DataFusion#
The vortex-datafusion crate integrates Vortex as a native file format in Apache DataFusion.
It registers a FileFormat and FileSource so that DataFusion’s query planner can discover,
partition, and scan Vortex files using the same machinery it uses for Parquet and CSV.
Registration#
Vortex registers itself through DataFusion’s FileFormatFactory interface. Once registered,
DataFusion can create ListingTable providers that automatically discover .vortex files in a
directory or object store prefix. The format factory creates a VortexFormat instance that
carries the Vortex session and its associated options (segment cache, read sizes, etc.).
Schema inference reads the footer of one of the discovered files to extract the Arrow schema. DataFusion then uses this schema when planning queries against the table.
Multiple Files#
DataFusion handles multi-file scans through its own file listing and partitioning layer. Each
discovered file becomes a PartitionedFile that DataFusion assigns to execution partitions.
Vortex implements the FileOpener trait to open individual files on demand as DataFusion’s
executor schedules them.
Layout readers are cached across partitions using a shared concurrent map keyed by file path. This avoids redundant footer parsing when the same file is accessed by multiple partitions or repeated queries.
Threading Model#
DataFusion runs on Tokio, and the Vortex integration operates entirely within that async
context. The Vortex session is configured with with_tokio() to capture the current Tokio
runtime handle. All I/O – file opens, segment reads, object store fetches – is dispatched as
Tokio tasks and scheduled across Tokio’s multi-threaded executor.
DataFusion’s physical executor manages parallelism by assigning partitions to its own task pool.
Each partition opens its files and drives a ScanBuilder that returns an async stream of
record batches. Multiple partitions execute concurrently, with DataFusion controlling the degree
of parallelism.
Filter and Projection Pushdown#
The integration converts DataFusion physical expressions into Vortex expressions using an
ExpressionConvertor trait. Supported predicates (comparisons, LIKE, IS NULL, IN lists, casts)
are pushed into the Vortex scan where they participate in pruning and filter evaluation at the
layout level. Unsupported predicates remain in the DataFusion plan and are evaluated after the
scan.
Filter pushdown operates at two levels. The full predicate is used to prune entire files before they are opened, using file-level statistics. The subset of predicates that Vortex can evaluate efficiently is pushed into the per-file scan for row-level filtering.
Projection pushdown maps DataFusion’s requested column indices to Vortex field names and passes them as a projection expression to the scan. Only the requested columns are read from storage.

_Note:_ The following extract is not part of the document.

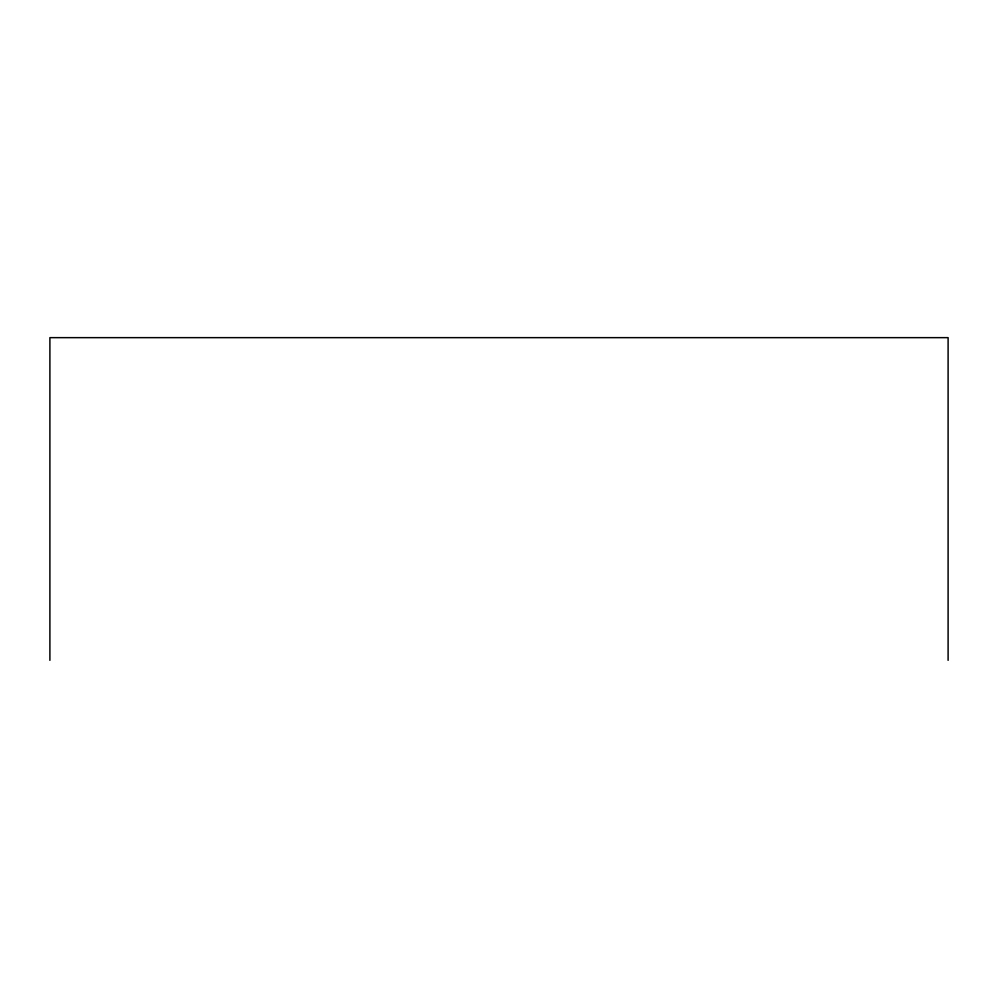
<?xml version="1.0" encoding="UTF-8"?>
<svg xmlns="http://www.w3.org/2000/svg" width="998" height="998" viewBox="0 0 998 998"><rect width="100%" height="100%" fill="white"/><g stroke="black" fill="none" stroke-linecap="round" stroke-linejoin="round"><path stroke-width="1.5" d="M948.1 660.352L948.1 337.648L49.9 337.648L49.9 660.352"/></g></svg>
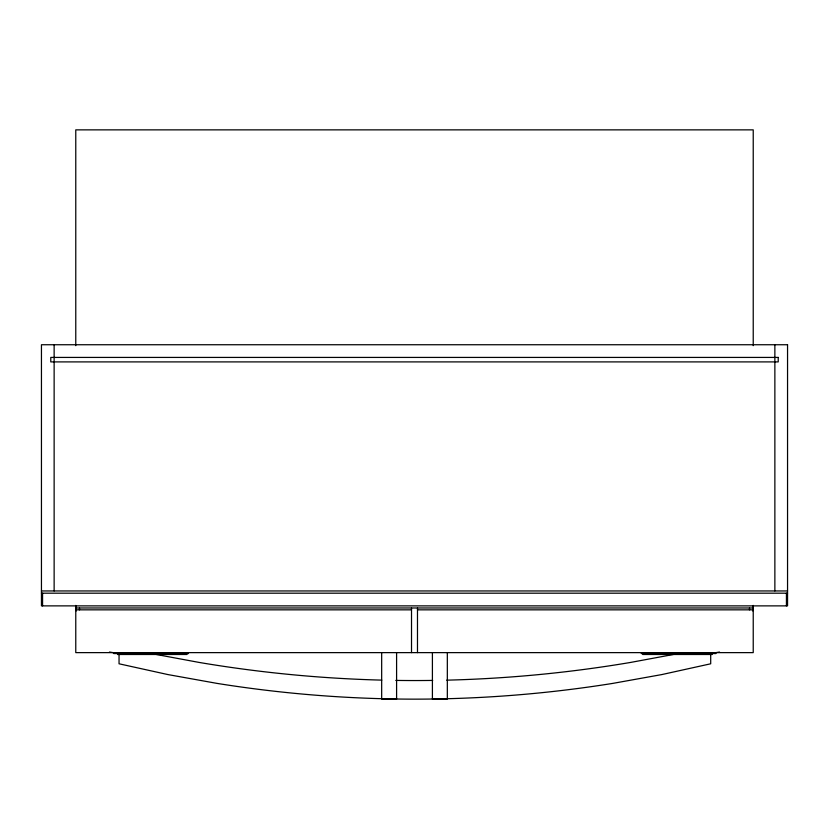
<?xml version="1.0" encoding="UTF-8"?>
<svg xmlns="http://www.w3.org/2000/svg" width="829" height="829" viewBox="0 0 829 829"><rect width="100%" height="100%" fill="white"/><g stroke="black" fill="none" stroke-linecap="round" stroke-linejoin="round"><path stroke-width="1.24" d="M752.722 610.932L753.229 606.123M673.397 654.485L630.6 662.433A1296.732 1296.732 0 0 1 446.696 680.163M719.541 652.029L715.924 652.63L715.924 653.563L641.314 653.563L641.314 652.63M41.45 590.953L787.55 590.953M41.45 593.191L787.55 593.191M411.516 609.843L75.771 609.843L75.771 652.63L753.229 652.63L753.229 609.843L417.484 609.843M109.459 652.029L113.076 652.63M156.349 654.485L199.147 662.433A1296.732 1296.732 0 0 0 381.786 680.122M75.771 606.123L76.278 610.932M786.431 593.191L786.431 605.875M774.866 344.74L774.866 590.953M753.229 345.672L753.229 129.863L75.771 129.863L75.771 345.672M753.229 605.419L753.229 607.978L75.771 607.978L75.771 605.419M753.033 607.978L753.033 609.843M749.499 607.978L749.499 609.843M712.194 653.563L712.194 654.485L642.807 654.485L642.807 653.563M710.702 654.485L710.702 663.791L661.853 674.568L612.766 683.397A1254.401 1254.401 0 0 1 414.873 699.148A1254.401 1254.401 0 0 1 216.991 683.386L167.893 674.568L119.044 663.791L119.044 654.485M447.328 652.63L447.328 699.137L432.406 699.137L432.406 652.63M417.484 607.978L417.484 652.63M411.516 607.978L411.516 652.63M396.594 652.63L396.594 699.137L381.672 699.137L381.672 652.63M188.432 652.63L188.432 653.563L113.822 653.563L113.822 652.63M186.939 653.563L186.939 654.485L117.552 654.485L117.552 653.563M79.501 607.978L79.501 609.843M75.967 607.978L75.967 609.843M54.134 344.74L54.134 590.953M42.569 593.191L42.569 605.875M432.697 680.422A1296.732 1296.732 0 0 1 395.785 680.412M787.55 344.74L41.45 344.74L41.45 605.875L787.55 605.875L787.55 344.74M778.224 357.423L50.776 357.423L50.776 361.9L778.224 361.9L778.224 357.423"/></g></svg>

The integration supports pluggable expression conversion via a custom ExpressionConvertor,
allowing engine-specific rewrites or schema adaptation when file schemas diverge from the table
schema.
Data Export#
Vortex arrays produced by the scan are converted to Arrow RecordBatches for consumption by
DataFusion. Batches are sliced to respect DataFusion’s configured batch size preference.
Future Work#
The current integration builds directly on the ScanBuilder and layout reader APIs. Future work
will migrate it to use the Scan API Source trait, which will simplify
the integration by providing a standard interface for file discovery, partitioning, and pushdown
that is shared across all engine integrations.
Other planned improvements include projection expression pushdown, which would allow DataFusion to push complex projection expressions (such as extracting nested struct fields) into the Vortex scan rather than materializing entire columns and projecting afterwards. Additionally, better support for dynamic expressions would enable use-cases like top-k queries, where the scan’s filter expression is updated during execution as the query engine discovers tighter bounds.